What is required: Pull every line with "mode" from the data below and copy it.

Task inputs:
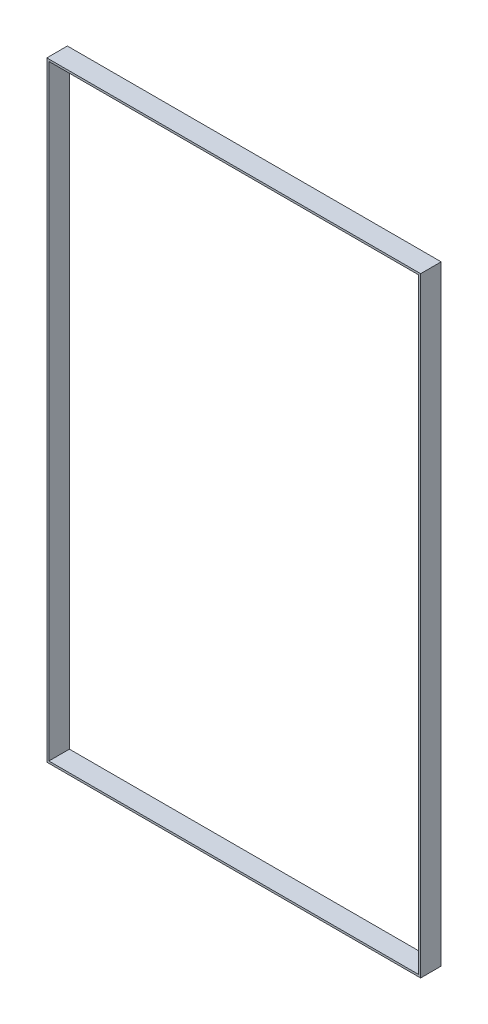
from build123d import *

# Parameters (mm, degrees)
ESBO_O1_W                = 182
ESBO_O1_H                = 297
ESBO_O1_W_2              = 180
ESBO_O1_H_2              = 295
RESSALTO_EXTRUS_O1_DEPTH = 10


with BuildPart() as part:
    # Esboço1 → Ressalto-extrusão1 (new body)
    with BuildSketch(Plane.XY):
        Rectangle(ESBO_O1_W, ESBO_O1_H)
        Rectangle(ESBO_O1_W_2, ESBO_O1_H_2, mode=Mode.SUBTRACT)
    extrude(amount=RESSALTO_EXTRUS_O1_DEPTH)


solid = part.part
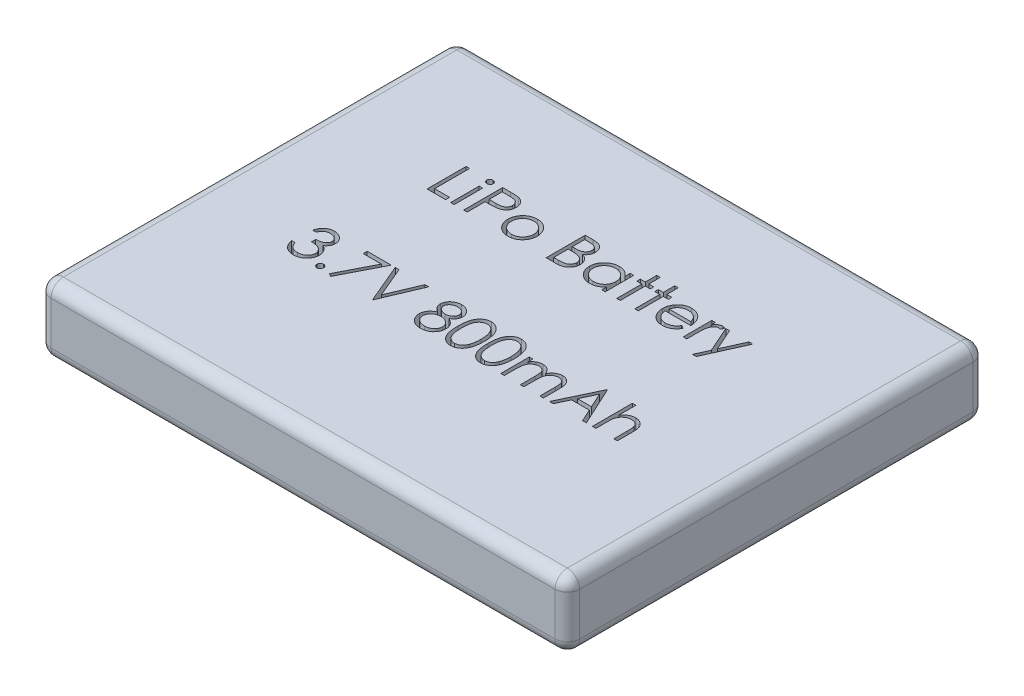
from build123d import *

# Parameters (mm, degrees)
SKETCH1_W           = 43
SKETCH1_H           = 34
BOSS_EXTRUDE1_DEPTH = 5.5
FILLET1_R           = 1
SKETCH5_W           = 0.284935897
SKETCH5_H           = 2.320192308
CUT_EXTRUDE4_DEPTH  = 1


with BuildPart() as part:
    # Sketch1 → Boss-Extrude1 (new body)
    with BuildSketch(Plane(origin=(0, 0, 0), x_dir=(1, 0, 0), z_dir=(0, 1, 0))):
        with Locations((21.5, 17)):
            Rectangle(SKETCH1_W, SKETCH1_H)
    extrude(amount=BOSS_EXTRUDE1_DEPTH)

    # Fillet1
    fillet1_edges = [part.edges().sort_by_distance(p)[0] for p in [
        (43, 5.5, -17),
        (21.5, 5.5, -34),
        (0, 5.5, -17),
        (21.5, 0, -34),
        (43, 0, -17),
        (21.5, 0, 0),
        (0, 0, -17),
        (0, 2.75, -34),
        (43, 2.75, -34),
        (43, 2.75, 0),
        (0, 2.75, 0),
        (21.5, 5.5, 0),
    ]]
    fillet(fillet1_edges, radius=FILLET1_R)

    # Sketch5 → Cut-Extrude4 (cut)
    # profile 1 of 22: a face of its own
    with BuildSketch(Plane(origin=(0, 5.5, 0), x_dir=(1, 0, 0), z_dir=(0, 1, 0))):
        Polygon((9.59375, 25.175), (9.878685897, 25.175), (9.878685897, 22.325641026), (11.099839744, 22.325641026), (11.099839744, 22), (9.59375, 22), align=None)
    # profile 2 of 22: a face of its own
    with BuildSketch(Plane(origin=(0, 5.5, 0), x_dir=(1, 0, 0), z_dir=(0, 1, 0))):
        with BuildLine():
            add(Edge.make_bspline(
                [(11.648086939, 25.297115385), (11.665768347, 25.296295189), (11.70039194, 25.294689089), (11.750460118, 25.280935463), (11.796050408, 25.257622177), (11.83648878, 25.226344181), (11.871188705, 25.189560043), (11.895482636, 25.146687593), (11.911096738, 25.100370114), (11.912982284, 25.06806214), (11.913942308, 25.05161258)],
                knots=[0, 0, 0, 0, 1.055194115, 2.066272739, 3.074728998, 4.095836921, 5.109056067, 6.073838105, 7.019297344, 8, 8, 8, 8], degree=3))
            add(Edge.make_bspline(
                [(11.913942308, 25.05161258), (11.912960634, 25.03559003), (11.911019982, 25.003915346), (11.895494696, 24.958400839), (11.870981666, 24.916124096), (11.83651103, 24.879411381), (11.796044512, 24.848150675), (11.750461684, 24.824832805), (11.700391528, 24.811080395), (11.665768208, 24.809474127), (11.648086939, 24.808653846)],
                knots=[0, 0, 0, 0, 0.96129708, 1.900370562, 2.859976407, 3.87933698, 4.906634145, 5.921202961, 6.938410037, 8, 8, 8, 8], degree=3))
            add(Edge.make_bspline(
                [(11.648086939, 24.808653846), (11.630607861, 24.809442807), (11.596587119, 24.810978415), (11.547268626, 24.825102646), (11.502067068, 24.848158655), (11.461549829, 24.879206694), (11.427776725, 24.916349565), (11.403194673, 24.958375039), (11.387705243, 25.003921915), (11.385759759, 25.035592237), (11.384775641, 25.05161258)],
                knots=[0, 0, 0, 0, 1.054934014, 2.053291228, 3.073705704, 4.106921865, 5.123545215, 6.088680038, 7.033164197, 8, 8, 8, 8], degree=3))
            add(Edge.make_bspline(
                [(11.384775641, 25.05161258), (11.385738198, 25.068059851), (11.387628721, 25.100363328), (11.403206284, 25.146713822), (11.427571966, 25.189332756), (11.461572192, 25.226548745), (11.502061117, 25.257614247), (11.547270164, 25.280665637), (11.596586713, 25.294791066), (11.630607723, 25.296326509), (11.648086939, 25.297115385)],
                knots=[0, 0, 0, 0, 0.98631895, 1.937192651, 2.907499808, 3.917963147, 4.944918757, 5.95915025, 6.951458133, 8, 8, 8, 8], degree=3))
        make_face()
    # profile 3 of 22: a face of its own
    with BuildSketch(Plane(origin=(0, 5.5, 0), x_dir=(1, 0, 0), z_dir=(0, 1, 0))):
        with Locations((11.649358975, 23.160096154)):
            Rectangle(SKETCH5_W, SKETCH5_H)
    # profile 4 of 22: a face of its own
    with BuildSketch(Plane(origin=(0, 5.5, 0), x_dir=(1, 0, 0), z_dir=(0, 1, 0))):
        with BuildLine():
            Line((12.565224359, 25.175), (13.187885617, 25.175))
            add(Edge.make_bspline(
                [(13.187885617, 25.175), (13.230712653, 25.174952923), (13.312771157, 25.17486272), (13.430441243, 25.172127915), (13.5373115, 25.16847513), (13.633151488, 25.163411556), (13.718256091, 25.157427506), (13.792240213, 25.149034585), (13.855685382, 25.140271317), (13.893700518, 25.131361898), (13.91103766, 25.127298678)],
                knots=[0, 0, 0, 0, 1.415646017, 2.712440637, 3.8905458, 4.950247383, 5.884950622, 6.709939814, 7.411656543, 8, 8, 8, 8], degree=3))
            add(Edge.make_bspline(
                [(13.91103766, 25.127298678), (13.932984652, 25.121291623), (13.976361481, 25.109419063), (14.03886457, 25.085639471), (14.098331273, 25.057443507), (14.154965615, 25.025308933), (14.208071648, 24.987857028), (14.258441699, 24.946605961), (14.305631253, 24.900603324), (14.349374944, 24.850365081), (14.389547582, 24.796734605), (14.424136651, 24.738911296), (14.453099207, 24.677868471), (14.477939746, 24.613648589), (14.49581813, 24.545712367), (14.509286389, 24.474531849), (14.517834965, 24.400114666), (14.518653718, 24.349260357), (14.519070513, 24.323372396)],
                knots=[0, 0, 0, 0, 0.999701418, 1.975846123, 2.934577507, 3.890451536, 4.834027766, 5.787354733, 6.749476667, 7.726910423, 8.712836071, 9.690891519, 10.682875813, 11.679750201, 12.712814741, 13.765529915, 14.8625177, 16, 16, 16, 16], degree=3))
            add(Edge.make_bspline(
                [(14.519070513, 24.323372396), (14.51868822, 24.297266841), (14.517940239, 24.24618956), (14.508962895, 24.171465674), (14.496870507, 24.100056849), (14.478276752, 24.032121418), (14.453923892, 23.968062827), (14.425356101, 23.906902138), (14.390899612, 23.849679864), (14.351307517, 23.796188264), (14.307264285, 23.74637713), (14.258956262, 23.700607423), (14.206578476, 23.659147059), (14.150297384, 23.62190309), (14.089564307, 23.589739179), (14.025300353, 23.560930767), (13.956946943, 23.536736305), (13.909646234, 23.524009035), (13.885596955, 23.517538061)],
                knots=[0, 0, 0, 0, 1.121902311, 2.195077645, 3.232258892, 4.234102512, 5.217864754, 6.176164875, 7.132989551, 8.084763148, 9.034132444, 9.988522005, 10.94243251, 11.903244335, 12.886203696, 13.894208494, 14.929344452, 16, 16, 16, 16], degree=3))
            add(Edge.make_bspline(
                [(13.885596955, 23.517538061), (13.865705731, 23.513308071), (13.822112956, 23.504037802), (13.750319201, 23.493688702), (13.666730172, 23.484855307), (13.571459961, 23.478232132), (13.464594083, 23.472562155), (13.346074728, 23.468055384), (13.215669244, 23.465579017), (13.124708901, 23.465451298), (13.07721855, 23.465384615)],
                knots=[0, 0, 0, 0, 0.601384939, 1.31797006, 2.144135048, 3.087295005, 4.142315834, 5.309527816, 6.595305764, 8, 8, 8, 8], degree=3))
            Line((13.07721855, 23.465384615), (12.850160256, 23.465384615))
            Line((12.850160256, 23.465384615), (12.850160256, 22))
            Line((12.850160256, 22), (12.565224359, 22))
            Line((12.565224359, 22), (12.565224359, 25.175))
        make_face()
        with BuildLine():
            Line((12.850160256, 24.849358974), (12.850160256, 23.791025641))
            Line((12.850160256, 23.791025641), (13.406039663, 23.784029447))
            add(Edge.make_bspline(
                [(13.406039663, 23.784029447), (13.43318131, 23.784015419), (13.4855777, 23.783988339), (13.561266274, 23.787603506), (13.631487556, 23.791776847), (13.69602585, 23.797887291), (13.754910247, 23.806524432), (13.808238934, 23.815243652), (13.855598398, 23.827857802), (13.911024103, 23.8448423), (13.972785425, 23.873809745), (14.039975273, 23.915855716), (14.096917162, 23.969450359), (14.146191617, 24.029709891), (14.185294806, 24.096746959), (14.213920599, 24.16847378), (14.230740077, 24.244154758), (14.23299541, 24.295941855), (14.234134615, 24.322100361)],
                knots=[0, 0, 0, 0, 1.160613943, 2.240541288, 3.23993089, 4.169200891, 5.011653406, 5.7853311, 6.478053781, 7.106038997, 8.262395093, 9.384106736, 10.481365981, 11.59014053, 12.70357646, 13.786202915, 14.881775077, 16, 16, 16, 16], degree=3))
            add(Edge.make_bspline(
                [(14.234134615, 24.322100361), (14.232989215, 24.347626012), (14.2307123, 24.398367848), (14.213788767, 24.472734295), (14.185350461, 24.543705256), (14.145929121, 24.609902269), (14.098085382, 24.669944969), (14.042478121, 24.722103078), (13.979238234, 24.764032765), (13.920411624, 24.791095813), (13.86815912, 24.80761967), (13.822772985, 24.819181061), (13.771527873, 24.82841179), (13.714407101, 24.835886196), (13.651853402, 24.842284693), (13.583329359, 24.846626258), (13.509094554, 24.849167579), (13.457559251, 24.849293631), (13.430844351, 24.849358974)],
                knots=[0, 0, 0, 0, 1.120700087, 2.227813068, 3.331159281, 4.466773991, 5.599788987, 6.693661531, 7.80175334, 8.91857717, 9.525282508, 10.207424825, 10.974604443, 11.810962634, 12.737642355, 13.736264703, 14.826523623, 16, 16, 16, 16], degree=3))
            Line((13.430844351, 24.849358974), (12.850160256, 24.849358974))
        make_face(mode=Mode.SUBTRACT)
    # profile 5 of 22: a face of its own
    with BuildSketch(Plane(origin=(0, 5.5, 0), x_dir=(1, 0, 0), z_dir=(0, 1, 0))):
        with BuildLine():
            add(Edge.make_bspline(
                [(16.209605369, 24.360897436), (16.253140309, 24.359970435), (16.338501688, 24.358152812), (16.463513127, 24.338726379), (16.582843357, 24.309019841), (16.696949403, 24.267952067), (16.8043699, 24.212904869), (16.906669528, 24.147219298), (17.003567815, 24.069402231), (17.061645849, 24.009205983), (17.091125801, 23.978650841)],
                knots=[0, 0, 0, 0, 1.054011418, 2.066658804, 3.057071809, 4.030435133, 4.997543892, 5.974964718, 6.972108034, 8, 8, 8, 8], degree=3))
            add(Edge.make_bspline(
                [(17.091125801, 23.978650841), (17.116509431, 23.949428154), (17.166785447, 23.89154832), (17.231252207, 23.797699299), (17.286788908, 23.700507922), (17.331296022, 23.598683562), (17.366388865, 23.49311511), (17.391304175, 23.383439714), (17.406124109, 23.269899585), (17.408122515, 23.19278896), (17.409134615, 23.153735978)],
                knots=[0, 0, 0, 0, 1.025258237, 2.030674902, 3.01204498, 3.988269485, 4.97094183, 5.956517959, 6.965070386, 8, 8, 8, 8], degree=3))
            add(Edge.make_bspline(
                [(17.409134615, 23.153735978), (17.408244402, 23.11445664), (17.4064853, 23.036838836), (17.389845019, 22.922521268), (17.363963248, 22.811673108), (17.326922938, 22.704758435), (17.279426653, 22.601450442), (17.221468672, 22.502200351), (17.152642277, 22.406812344), (17.074624365, 22.316096391), (16.988398735, 22.232488468), (16.894857657, 22.159619252), (16.795839355, 22.097188297), (16.690027171, 22.046899549), (16.578387379, 22.007248606), (16.460679181, 21.979399306), (16.337085439, 21.962561207), (16.25269646, 21.960398966), (16.209605369, 21.959294872)],
                knots=[0, 0, 0, 0, 0.998656419, 1.973391657, 2.932242238, 3.890759089, 4.846373663, 5.82037756, 6.809684879, 7.83454468, 8.860553229, 9.859544525, 10.845671541, 11.83227036, 12.833544569, 13.85385346, 14.904124723, 16, 16, 16, 16], degree=3))
            add(Edge.make_bspline(
                [(16.209605369, 21.959294872), (16.166303159, 21.960402671), (16.081493593, 21.962572352), (15.957463595, 21.979333887), (15.839544441, 22.007235772), (15.727758498, 22.047029854), (15.621491387, 22.097189905), (15.52189935, 22.159430509), (15.428282284, 22.232510078), (15.342038413, 22.316090535), (15.264025392, 22.406813853), (15.195197734, 22.502199959), (15.137240081, 22.601450544), (15.089743711, 22.704758408), (15.052703423, 22.811673115), (15.026821646, 22.922521266), (15.010181367, 23.036838836), (15.008422265, 23.11445664), (15.007532051, 23.153735978)],
                knots=[0, 0, 0, 0, 1.099876186, 2.154163076, 3.173186993, 4.173200201, 5.163417411, 6.152872554, 7.150605724, 8.17532212, 9.198891216, 10.186952605, 11.159729845, 12.11414092, 13.071450619, 14.029093627, 15.002601286, 16, 16, 16, 16], degree=3))
            add(Edge.make_bspline(
                [(15.007532051, 23.153735978), (15.008551054, 23.192576701), (15.010568505, 23.269474659), (15.025373538, 23.38280135), (15.050191657, 23.492291124), (15.085326567, 23.597452092), (15.130243919, 23.698830237), (15.18500023, 23.796261763), (15.250124589, 23.88968641), (15.300200645, 23.94749144), (15.325540865, 23.976742788)],
                knots=[0, 0, 0, 0, 1.031353054, 2.041901799, 3.029428768, 4.008703097, 4.981709435, 5.96992636, 6.972712378, 8, 8, 8, 8], degree=3))
            add(Edge.make_bspline(
                [(15.325540865, 23.976742788), (15.354976373, 24.007562912), (15.412866478, 24.068176108), (15.51024711, 24.145766326), (15.612295076, 24.212818764), (15.720902687, 24.266772189), (15.834914994, 24.309261415), (15.954856736, 24.33880299), (16.080292382, 24.358082819), (16.166071467, 24.35994988), (16.209605369, 24.360897436)],
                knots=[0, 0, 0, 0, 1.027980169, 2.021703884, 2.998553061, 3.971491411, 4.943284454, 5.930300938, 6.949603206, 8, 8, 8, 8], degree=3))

Answer area:
        Rectangle(ESBO_O1_W_2, ESBO_O1_H_2, mode=Mode.SUBTRACT)
        make_face(mode=Mode.SUBTRACT)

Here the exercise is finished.